What you will do :: Whenever a line in the data holds the string "fillColor", pull that line out.

▬▬▬

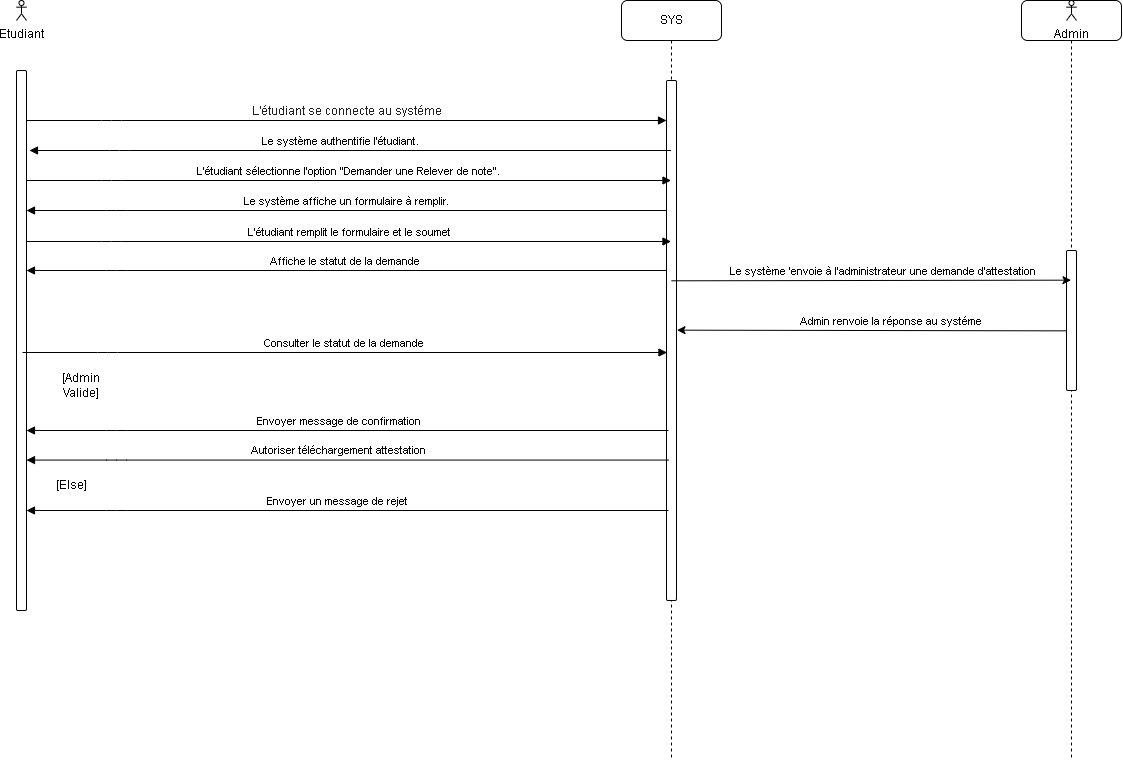

The diagram above was exported from draw.io. Its source (the exported page's mxGraphModel, read from the mxfile embedded in the PNG):
<mxGraphModel dx="1595" dy="817" grid="1" gridSize="10" guides="1" tooltips="1" connect="1" arrows="1" fold="1" page="1" pageScale="1" pageWidth="850" pageHeight="1100" background="#ffffff" math="0" shadow="0">
  <root>
    <mxCell id="0" />
    <mxCell id="1" parent="0" />
    <mxCell id="z3W12V7slm0QK-cfsXXx-1" value="" style="html=1;points=[];perimeter=orthogonalPerimeter;outlineConnect=0;targetShapes=umlLifeline;portConstraint=eastwest;newEdgeStyle={&quot;edgeStyle&quot;:&quot;elbowEdgeStyle&quot;,&quot;elbow&quot;:&quot;vertical&quot;,&quot;curved&quot;:0,&quot;rounded&quot;:0};labelBackgroundColor=none;rounded=1;" vertex="1" parent="1">
      <mxGeometry x="300" y="240" width="10" height="540" as="geometry" />
    </mxCell>
    <mxCell id="z3W12V7slm0QK-cfsXXx-2" value="SYS" style="shape=umlLifeline;perimeter=lifelinePerimeter;whiteSpace=wrap;html=1;container=0;dropTarget=0;collapsible=0;recursiveResize=0;outlineConnect=0;portConstraint=eastwest;newEdgeStyle={&quot;edgeStyle&quot;:&quot;elbowEdgeStyle&quot;,&quot;elbow&quot;:&quot;vertical&quot;,&quot;curved&quot;:0,&quot;rounded&quot;:0};labelBackgroundColor=none;rounded=1;" vertex="1" parent="1">
      <mxGeometry x="905" y="170" width="100" height="760" as="geometry" />
    </mxCell>
    <mxCell id="z3W12V7slm0QK-cfsXXx-3" value="" style="html=1;points=[];perimeter=orthogonalPerimeter;outlineConnect=0;targetShapes=umlLifeline;portConstraint=eastwest;newEdgeStyle={&quot;edgeStyle&quot;:&quot;elbowEdgeStyle&quot;,&quot;elbow&quot;:&quot;vertical&quot;,&quot;curved&quot;:0,&quot;rounded&quot;:0};labelBackgroundColor=none;rounded=1;" vertex="1" parent="z3W12V7slm0QK-cfsXXx-2">
      <mxGeometry x="45" y="80" width="10" height="520" as="geometry" />
    </mxCell>
    <mxCell id="z3W12V7slm0QK-cfsXXx-4" value="&lt;div style=&quot;text-align: left;&quot;&gt;&lt;font style=&quot;font-size: 12px;&quot; face=&quot;Google Sans, Helvetica Neue, sans-serif&quot; color=&quot;#1f1f1f&quot;&gt;L'étudiant se connecte au systéme&lt;/font&gt;&lt;/div&gt;" style="html=1;verticalAlign=bottom;endArrow=block;edgeStyle=elbowEdgeStyle;elbow=horizontal;curved=0;rounded=1;labelBackgroundColor=none;fontColor=default;" edge="1" parent="1" source="z3W12V7slm0QK-cfsXXx-1" target="z3W12V7slm0QK-cfsXXx-3">
      <mxGeometry relative="1" as="geometry">
        <mxPoint x="410" y="300" as="sourcePoint" />
        <Array as="points">
          <mxPoint x="395" y="290" />
        </Array>
        <mxPoint as="offset" />
      </mxGeometry>
    </mxCell>
    <mxCell id="z3W12V7slm0QK-cfsXXx-5" value="Etudiant" style="shape=umlActor;verticalLabelPosition=bottom;verticalAlign=top;html=1;labelBackgroundColor=none;rounded=1;" vertex="1" parent="1">
      <mxGeometry x="300" y="170" width="10" height="20" as="geometry" />
    </mxCell>
    <mxCell id="z3W12V7slm0QK-cfsXXx-6" value="" style="html=1;verticalAlign=bottom;endArrow=block;edgeStyle=elbowEdgeStyle;elbow=vertical;curved=0;rounded=1;labelBackgroundColor=none;fontColor=default;" edge="1" parent="1" source="z3W12V7slm0QK-cfsXXx-2">
      <mxGeometry x="-0.0006" relative="1" as="geometry">
        <mxPoint x="478" y="320" as="sourcePoint" />
        <Array as="points">
          <mxPoint x="403" y="320" />
        </Array>
        <mxPoint x="313" y="320" as="targetPoint" />
        <mxPoint as="offset" />
      </mxGeometry>
    </mxCell>
    <mxCell id="z3W12V7slm0QK-cfsXXx-7" value="Le système authentifie l'étudiant." style="edgeLabel;html=1;align=center;verticalAlign=middle;resizable=0;points=[];labelBackgroundColor=none;rounded=1;" vertex="1" connectable="0" parent="z3W12V7slm0QK-cfsXXx-6">
      <mxGeometry x="0.0397" y="4" relative="1" as="geometry">
        <mxPoint x="2" y="-14" as="offset" />
      </mxGeometry>
    </mxCell>
    <mxCell id="z3W12V7slm0QK-cfsXXx-8" value="L'étudiant sélectionne l'option &quot;Demander une Relever de note&quot;." style="html=1;verticalAlign=bottom;endArrow=block;edgeStyle=elbowEdgeStyle;elbow=horizontal;curved=0;rounded=1;labelBackgroundColor=none;fontColor=default;" edge="1" parent="1" target="z3W12V7slm0QK-cfsXXx-2">
      <mxGeometry relative="1" as="geometry">
        <mxPoint x="310" y="350" as="sourcePoint" />
        <Array as="points">
          <mxPoint x="395" y="350" />
        </Array>
        <mxPoint x="480" y="350" as="targetPoint" />
      </mxGeometry>
    </mxCell>
    <mxCell id="z3W12V7slm0QK-cfsXXx-9" value="Le système affiche un formulaire à remplir." style="html=1;verticalAlign=bottom;endArrow=block;edgeStyle=elbowEdgeStyle;elbow=vertical;curved=0;rounded=1;labelBackgroundColor=none;fontColor=default;" edge="1" parent="1">
      <mxGeometry relative="1" as="geometry">
        <mxPoint x="949.5" y="380" as="sourcePoint" />
        <Array as="points">
          <mxPoint x="400" y="380" />
        </Array>
        <mxPoint x="310" y="380" as="targetPoint" />
      </mxGeometry>
    </mxCell>
    <mxCell id="z3W12V7slm0QK-cfsXXx-10" value="L'étudiant remplit le formulaire et le soumet" style="html=1;verticalAlign=bottom;endArrow=block;edgeStyle=elbowEdgeStyle;elbow=vertical;curved=0;rounded=1;labelBackgroundColor=none;fontColor=default;" edge="1" parent="1">
      <mxGeometry x="0.0011" relative="1" as="geometry">
        <mxPoint x="310" y="411" as="sourcePoint" />
        <Array as="points">
          <mxPoint x="395" y="411" />
        </Array>
        <mxPoint x="954.5" y="411" as="targetPoint" />
        <mxPoint as="offset" />
      </mxGeometry>
    </mxCell>
    <mxCell id="z3W12V7slm0QK-cfsXXx-11" value="" style="shape=umlLifeline;perimeter=lifelinePerimeter;whiteSpace=wrap;html=1;container=0;dropTarget=0;collapsible=0;recursiveResize=0;outlineConnect=0;portConstraint=eastwest;newEdgeStyle={&quot;edgeStyle&quot;:&quot;elbowEdgeStyle&quot;,&quot;elbow&quot;:&quot;vertical&quot;,&quot;curved&quot;:0,&quot;rounded&quot;:0};labelBackgroundColor=none;rounded=1;" vertex="1" parent="1">
      <mxGeometry x="1305" y="170" width="100" height="760" as="geometry" />
    </mxCell>
    <mxCell id="z3W12V7slm0QK-cfsXXx-12" value="" style="html=1;points=[];perimeter=orthogonalPerimeter;outlineConnect=0;targetShapes=umlLifeline;portConstraint=eastwest;newEdgeStyle={&quot;edgeStyle&quot;:&quot;elbowEdgeStyle&quot;,&quot;elbow&quot;:&quot;vertical&quot;,&quot;curved&quot;:0,&quot;rounded&quot;:0};labelBackgroundColor=none;rounded=1;" vertex="1" parent="z3W12V7slm0QK-cfsXXx-11">
      <mxGeometry x="45" y="250" width="10" height="140" as="geometry" />
    </mxCell>
    <mxCell id="z3W12V7slm0QK-cfsXXx-13" value="Admin" style="shape=umlActor;verticalLabelPosition=bottom;verticalAlign=top;html=1;labelBackgroundColor=none;rounded=1;" vertex="1" parent="1">
      <mxGeometry x="1350" y="170" width="10" height="20" as="geometry" />
    </mxCell>
    <mxCell id="z3W12V7slm0QK-cfsXXx-14" value="" style="edgeStyle=elbowEdgeStyle;rounded=1;orthogonalLoop=1;jettySize=auto;html=1;elbow=vertical;curved=0;labelBackgroundColor=none;fontColor=default;" edge="1" parent="1">
      <mxGeometry relative="1" as="geometry">
        <mxPoint x="1350.0000000000005" y="500.353043478261" as="sourcePoint" />
        <mxPoint x="960.5000000000002" y="500.00304347826096" as="targetPoint" />
      </mxGeometry>
    </mxCell>
    <mxCell id="z3W12V7slm0QK-cfsXXx-15" value="Admin renvoie la réponse au systéme&amp;nbsp;" style="edgeLabel;html=1;align=center;verticalAlign=middle;resizable=0;points=[];labelBackgroundColor=none;rounded=1;" vertex="1" connectable="0" parent="z3W12V7slm0QK-cfsXXx-14">
      <mxGeometry x="-0.0852" y="2" relative="1" as="geometry">
        <mxPoint x="3" y="-12" as="offset" />
      </mxGeometry>
    </mxCell>
    <mxCell id="z3W12V7slm0QK-cfsXXx-16" value="" style="edgeStyle=elbowEdgeStyle;rounded=1;orthogonalLoop=1;jettySize=auto;html=1;elbow=vertical;curved=0;labelBackgroundColor=none;fontColor=default;" edge="1" parent="1" target="z3W12V7slm0QK-cfsXXx-11">
      <mxGeometry relative="1" as="geometry">
        <mxPoint x="955" y="450.3" as="sourcePoint" />
        <mxPoint x="1035.0000000000002" y="450.43043478260876" as="targetPoint" />
      </mxGeometry>
    </mxCell>
    <mxCell id="z3W12V7slm0QK-cfsXXx-17" value="Le système 'envoie à l'administrateur une demande d'attestation" style="edgeLabel;html=1;align=center;verticalAlign=middle;resizable=0;points=[];labelBackgroundColor=none;rounded=1;" vertex="1" connectable="0" parent="z3W12V7slm0QK-cfsXXx-16">
      <mxGeometry x="0.0642" y="1" relative="1" as="geometry">
        <mxPoint x="-3" y="-9" as="offset" />
      </mxGeometry>
    </mxCell>
    <mxCell id="z3W12V7slm0QK-cfsXXx-18" value="[Admin Valide]" style="text;html=1;strokeColor=none;fillColor=none;align=center;verticalAlign=middle;whiteSpace=wrap;rounded=1;labelBackgroundColor=none;" vertex="1" parent="1">
      <mxGeometry x="335" y="540" width="60" height="30" as="geometry" />
    </mxCell>
    <mxCell id="z3W12V7slm0QK-cfsXXx-19" value="" style="html=1;verticalAlign=bottom;endArrow=block;edgeStyle=elbowEdgeStyle;elbow=vertical;curved=0;rounded=1;labelBackgroundColor=none;fontColor=default;" edge="1" parent="1">
      <mxGeometry x="-0.0006" relative="1" as="geometry">
        <mxPoint x="952" y="600" as="sourcePoint" />
        <Array as="points">
          <mxPoint x="400" y="600" />
        </Array>
        <mxPoint x="310" y="600" as="targetPoint" />
        <mxPoint as="offset" />
      </mxGeometry>
    </mxCell>
    <mxCell id="z3W12V7slm0QK-cfsXXx-20" value=" Envoyer message de confirmation" style="edgeLabel;html=1;align=center;verticalAlign=middle;resizable=0;points=[];labelBackgroundColor=none;rounded=1;" vertex="1" connectable="0" parent="z3W12V7slm0QK-cfsXXx-19">
      <mxGeometry x="0.0397" y="4" relative="1" as="geometry">
        <mxPoint x="2" y="-14" as="offset" />
      </mxGeometry>
    </mxCell>
    <mxCell id="z3W12V7slm0QK-cfsXXx-21" value="" style="html=1;verticalAlign=bottom;endArrow=block;edgeStyle=elbowEdgeStyle;elbow=vertical;curved=0;rounded=1;labelBackgroundColor=none;fontColor=default;" edge="1" parent="1">
      <mxGeometry x="-0.0006" relative="1" as="geometry">
        <mxPoint x="952" y="629.5699999999999" as="sourcePoint" />
        <Array as="points">
          <mxPoint x="400" y="629.5699999999999" />
        </Array>
        <mxPoint x="310" y="629.5699999999999" as="targetPoint" />
        <mxPoint as="offset" />
      </mxGeometry>
    </mxCell>
    <mxCell id="z3W12V7slm0QK-cfsXXx-22" value="Autoriser téléchargement attestation" style="edgeLabel;html=1;align=center;verticalAlign=middle;resizable=0;points=[];labelBackgroundColor=none;rounded=1;" vertex="1" connectable="0" parent="z3W12V7slm0QK-cfsXXx-21">
      <mxGeometry x="0.0397" y="4" relative="1" as="geometry">
        <mxPoint x="2" y="-14" as="offset" />
      </mxGeometry>
    </mxCell>
    <mxCell id="z3W12V7slm0QK-cfsXXx-23" value="[Else]" style="text;html=1;strokeColor=none;fillColor=none;align=center;verticalAlign=middle;whiteSpace=wrap;rounded=1;labelBackgroundColor=none;" vertex="1" parent="1">
      <mxGeometry x="325" y="640" width="60" height="30" as="geometry" />
    </mxCell>
    <mxCell id="z3W12V7slm0QK-cfsXXx-24" value="" style="html=1;verticalAlign=bottom;endArrow=block;edgeStyle=elbowEdgeStyle;elbow=vertical;curved=0;rounded=1;labelBackgroundColor=none;fontColor=default;" edge="1" parent="1">
      <mxGeometry x="-0.0006" relative="1" as="geometry">
        <mxPoint x="952" y="680" as="sourcePoint" />
        <Array as="points">
          <mxPoint x="400" y="680" />
        </Array>
        <mxPoint x="310" y="680" as="targetPoint" />
        <mxPoint as="offset" />
      </mxGeometry>
    </mxCell>
    <mxCell id="z3W12V7slm0QK-cfsXXx-25" value="Envoyer un message de rejet&amp;nbsp;" style="edgeLabel;html=1;align=center;verticalAlign=middle;resizable=0;points=[];labelBackgroundColor=none;rounded=1;" vertex="1" connectable="0" parent="z3W12V7slm0QK-cfsXXx-24">
      <mxGeometry x="0.0397" y="4" relative="1" as="geometry">
        <mxPoint x="2" y="-14" as="offset" />
      </mxGeometry>
    </mxCell>
    <mxCell id="z3W12V7slm0QK-cfsXXx-26" value="Affiche&amp;nbsp;le statut de la demande&amp;nbsp;" style="html=1;verticalAlign=bottom;endArrow=block;edgeStyle=elbowEdgeStyle;elbow=vertical;curved=0;rounded=1;labelBackgroundColor=none;fontColor=default;" edge="1" parent="1">
      <mxGeometry relative="1" as="geometry">
        <mxPoint x="949.5" y="440" as="sourcePoint" />
        <Array as="points">
          <mxPoint x="400" y="440" />
        </Array>
        <mxPoint x="310" y="440" as="targetPoint" />
      </mxGeometry>
    </mxCell>
    <mxCell id="z3W12V7slm0QK-cfsXXx-27" value="Consulter le statut de la demande&amp;nbsp;" style="html=1;verticalAlign=bottom;endArrow=block;edgeStyle=elbowEdgeStyle;elbow=vertical;curved=0;rounded=1;labelBackgroundColor=none;fontColor=default;" edge="1" parent="1">
      <mxGeometry x="0.0011" relative="1" as="geometry">
        <mxPoint x="306" y="522" as="sourcePoint" />
        <Array as="points">
          <mxPoint x="391" y="522" />
        </Array>
        <mxPoint x="950.5" y="522" as="targetPoint" />
        <mxPoint as="offset" />
      </mxGeometry>
    </mxCell>
  </root>
</mxGraphModel>

▬▬▬

Finished exercise ::
    <mxCell id="z3W12V7slm0QK-cfsXXx-18" value="[Admin Valide]" style="text;html=1;strokeColor=none;fillColor=none;align=center;verticalAlign=middle;whiteSpace=wrap;rounded=1;labelBackgroundColor=none;" vertex="1" parent="1">
    <mxCell id="z3W12V7slm0QK-cfsXXx-23" value="[Else]" style="text;html=1;strokeColor=none;fillColor=none;align=center;verticalAlign=middle;whiteSpace=wrap;rounded=1;labelBackgroundColor=none;" vertex="1" parent="1">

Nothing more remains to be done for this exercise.